[What you are asked to do]
Would you give the listing again exactly as written, minus its pictures?

[Stored data]
--- START ---
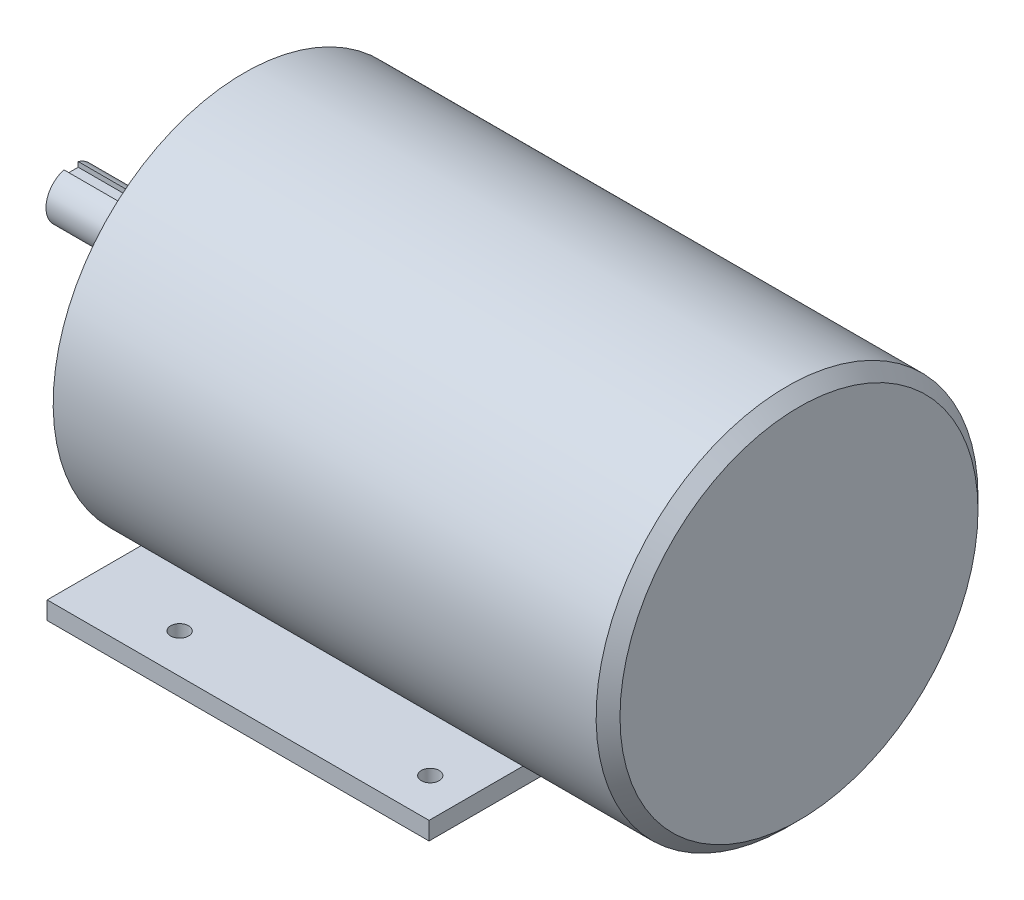
SolidWorks part; units mm, degrees
ref_plane "Front Plane" through (0, 0, 0) normal (0, 0, 1) x (1, 0, 0)
ref_plane "Top Plane" through (0, 0, 0) normal (0, 1, 0) x (1, 0, 0)
ref_plane "Right Plane" through (0, 0, 0) normal (1, 0, 0) x (0, 0, -1)
sketch "Sketch1" plane through (0, 0, 0) normal (1, 0, 0) x (0, 0, -1)
  circle A0 centre (0, 0) radius 21
  dimension "D1" = 42
extrude "Boss-Extrude1" add sketch "Sketch1" along normal blind 110
sketch "Sketch2" plane through (110, 0, 0) normal (1, 0, 0) x (0, 0, -1)
  circle A0 centre (0, 0) radius 160
  dimension "D1" = 320
extrude "Boss-Extrude2" add sketch "Sketch2" along normal blind 500
ref_plane "Plane1" through (0, -160, 0) normal (0, 1, 0) x (1, 0, 0)
sketch "Sketch3" plane through (0, -160, 0) normal (0, 1, 0) x (1, 0, 0)
  line L0 (0, 21) -> (0, -21) construction
  line L1 (140, -160) -> (460, -160)
  line L2 (140, -160) -> (140, 160)
  line L3 (140, 160) -> (460, 160)
  line L4 (460, -160) -> (460, 160)
  line L5 (140, -160) -> (460, 160) construction
  line L6 (140, 160) -> (460, -160) construction
  point P0 (300, 0)
  dimension "D1" = 320
  dimension "D2" = 320
  dimension "D3" = 0
  dimension "D4" = 300
extrude "Boss-Extrude3" add sketch "Sketch3" along normal blind 15
sketch "Sketch4" plane through (0, -160, 0) normal (0, -1, 0) x (1, 0, 0)
  circle A0 centre (428, 127) radius 7.5
  circle A1 centre (218, 127) radius 7.5
  circle A2 centre (218, -127) radius 7.5
  circle A3 centre (428, -127) radius 7.5
  point P0 (323, 0)
  dimension "D5" = 15
  dimension "D6" = 15
  dimension "D7" = 15
  dimension "D8" = 15
  dimension "D1" = 254
  dimension "D2" = 210
  dimension "D3" = 0
extrude "Cut-Extrude1" cut sketch "Sketch4" against normal blind 15
chamfer "Chamfer1" distance 10 angle 45 2 edges at (110, 0, -160) (610, 0, -160)
sketch "Sketch5" plane through (0, 0, 0) normal (0, 0, 1) x (1, 0, 0)
  line L0 (110, 37.0561) -> (115.5681, 53.947)
  line L1 (110, 150) -> (110, -150) construction
  line L2 (115.5681, 53.947) -> (126.3168, 69.3024)
  line L3 (126.3168, 69.3024) -> (136.8972, 84.4173)
  line L4 (136.8972, 84.4173) -> (136.8972, 105.1316)
  line L5 (136.8972, 105.1316) -> (145.0216, 129.7772)
  line L6 (145.0216, 129.7772) -> (145.0216, 165.5294)
  line L7 (145.0216, 165.5294) -> (110, 165.5294)
  line L8 (110, 165.5294) -> (110, 37.0561)
  line L9 (0, 0) -> (-39.3283, 0)
revolve "Cut-Revolve1" cut sketch "Sketch5" angle 360 about L9
ref_plane "Plane2" through (0, 21, 0) normal (0, 1, 0) x (1, 0, 0)
sketch "Sketch6" plane through (0, 21, 0) normal (0, 1, 0) x (1, 0, 0)
  line L0 (104, 6) -> (0, 6)
  line L1 (0, 21) -> (0, -21) construction
  line L2 (104, -6) -> (0, -6)
  line L3 (0, 6) -> (0, -6)
  arc A0 (104, -6) -> (104, 6) centre (104, 0) ccw
  dimension "D1" = 12
  dimension "D2" = 104
extrude "Cut-Extrude2" cut sketch "Sketch6" against normal blind 5
sketch "Sketch7" plane through (0, 0, 0) normal (-1, 0, 0) x (0, 0, 1)
  circle A0 centre (0, 0) radius 6
  dimension "D1" = 12
extrude "Cut-Extrude3" cut sketch "Sketch7" against normal blind 50
--- END ---
[Your solution]
SolidWorks part; units mm, degrees
ref_plane "Front Plane" through (0, 0, 0) normal (0, 0, 1) x (1, 0, 0)
ref_plane "Top Plane" through (0, 0, 0) normal (0, 1, 0) x (1, 0, 0)
ref_plane "Right Plane" through (0, 0, 0) normal (1, 0, 0) x (0, 0, -1)
sketch "Sketch1" plane through (0, 0, 0) normal (1, 0, 0) x (0, 0, -1)
  circle A0 centre (0, 0) radius 21
  dimension "D1" = 42
extrude "Boss-Extrude1" add sketch "Sketch1" along normal blind 110
sketch "Sketch2" plane through (110, 0, 0) normal (1, 0, 0) x (0, 0, -1)
  circle A0 centre (0, 0) radius 160
  dimension "D1" = 320
extrude "Boss-Extrude2" add sketch "Sketch2" along normal blind 500
ref_plane "Plane1" through (0, -160, 0) normal (0, 1, 0) x (1, 0, 0)
sketch "Sketch3" plane through (0, -160, 0) normal (0, 1, 0) x (1, 0, 0)
  line L0 (0, 21) -> (0, -21) construction
  line L1 (140, -160) -> (460, -160)
  line L2 (140, -160) -> (140, 160)
  line L3 (140, 160) -> (460, 160)
  line L4 (460, -160) -> (460, 160)
  line L5 (140, -160) -> (460, 160) construction
  line L6 (140, 160) -> (460, -160) construction
  point P0 (300, 0)
  dimension "D1" = 320
  dimension "D2" = 320
  dimension "D3" = 0
  dimension "D4" = 300
extrude "Boss-Extrude3" add sketch "Sketch3" along normal blind 15
sketch "Sketch4" plane through (0, -160, 0) normal (0, -1, 0) x (1, 0, 0)
  circle A0 centre (428, 127) radius 7.5
  circle A1 centre (218, 127) radius 7.5
  circle A2 centre (218, -127) radius 7.5
  circle A3 centre (428, -127) radius 7.5
  point P0 (323, 0)
  dimension "D5" = 15
  dimension "D6" = 15
  dimension "D7" = 15
  dimension "D8" = 15
  dimension "D1" = 254
  dimension "D2" = 210
  dimension "D3" = 0
extrude "Cut-Extrude1" cut sketch "Sketch4" against normal blind 15
chamfer "Chamfer1" distance 10 angle 45 2 edges at (110, 0, -160) (610, 0, -160)
sketch "Sketch5" plane through (0, 0, 0) normal (0, 0, 1) x (1, 0, 0)
  line L0 (110, 37.0561) -> (115.5681, 53.947)
  line L1 (110, 150) -> (110, -150) construction
  line L2 (115.5681, 53.947) -> (126.3168, 69.3024)
  line L3 (126.3168, 69.3024) -> (136.8972, 84.4173)
  line L4 (136.8972, 84.4173) -> (136.8972, 105.1316)
  line L5 (136.8972, 105.1316) -> (145.0216, 129.7772)
  line L6 (145.0216, 129.7772) -> (145.0216, 165.5294)
  line L7 (145.0216, 165.5294) -> (110, 165.5294)
  line L8 (110, 165.5294) -> (110, 37.0561)
  line L9 (0, 0) -> (-39.3283, 0)
revolve "Cut-Revolve1" cut sketch "Sketch5" angle 360 about L9
ref_plane "Plane2" through (0, 21, 0) normal (0, 1, 0) x (1, 0, 0)
sketch "Sketch6" plane through (0, 21, 0) normal (0, 1, 0) x (1, 0, 0)
  line L0 (104, 6) -> (0, 6)
  line L1 (0, 21) -> (0, -21) construction
  line L2 (104, -6) -> (0, -6)
  line L3 (0, 6) -> (0, -6)
  arc A0 (104, -6) -> (104, 6) centre (104, 0) ccw
  dimension "D1" = 12
  dimension "D2" = 104
extrude "Cut-Extrude2" cut sketch "Sketch6" against normal blind 5
sketch "Sketch7" plane through (0, 0, 0) normal (-1, 0, 0) x (0, 0, 1)
  circle A0 centre (0, 0) radius 6
  dimension "D1" = 12
extrude "Cut-Extrude3" cut sketch "Sketch7" against normal blind 50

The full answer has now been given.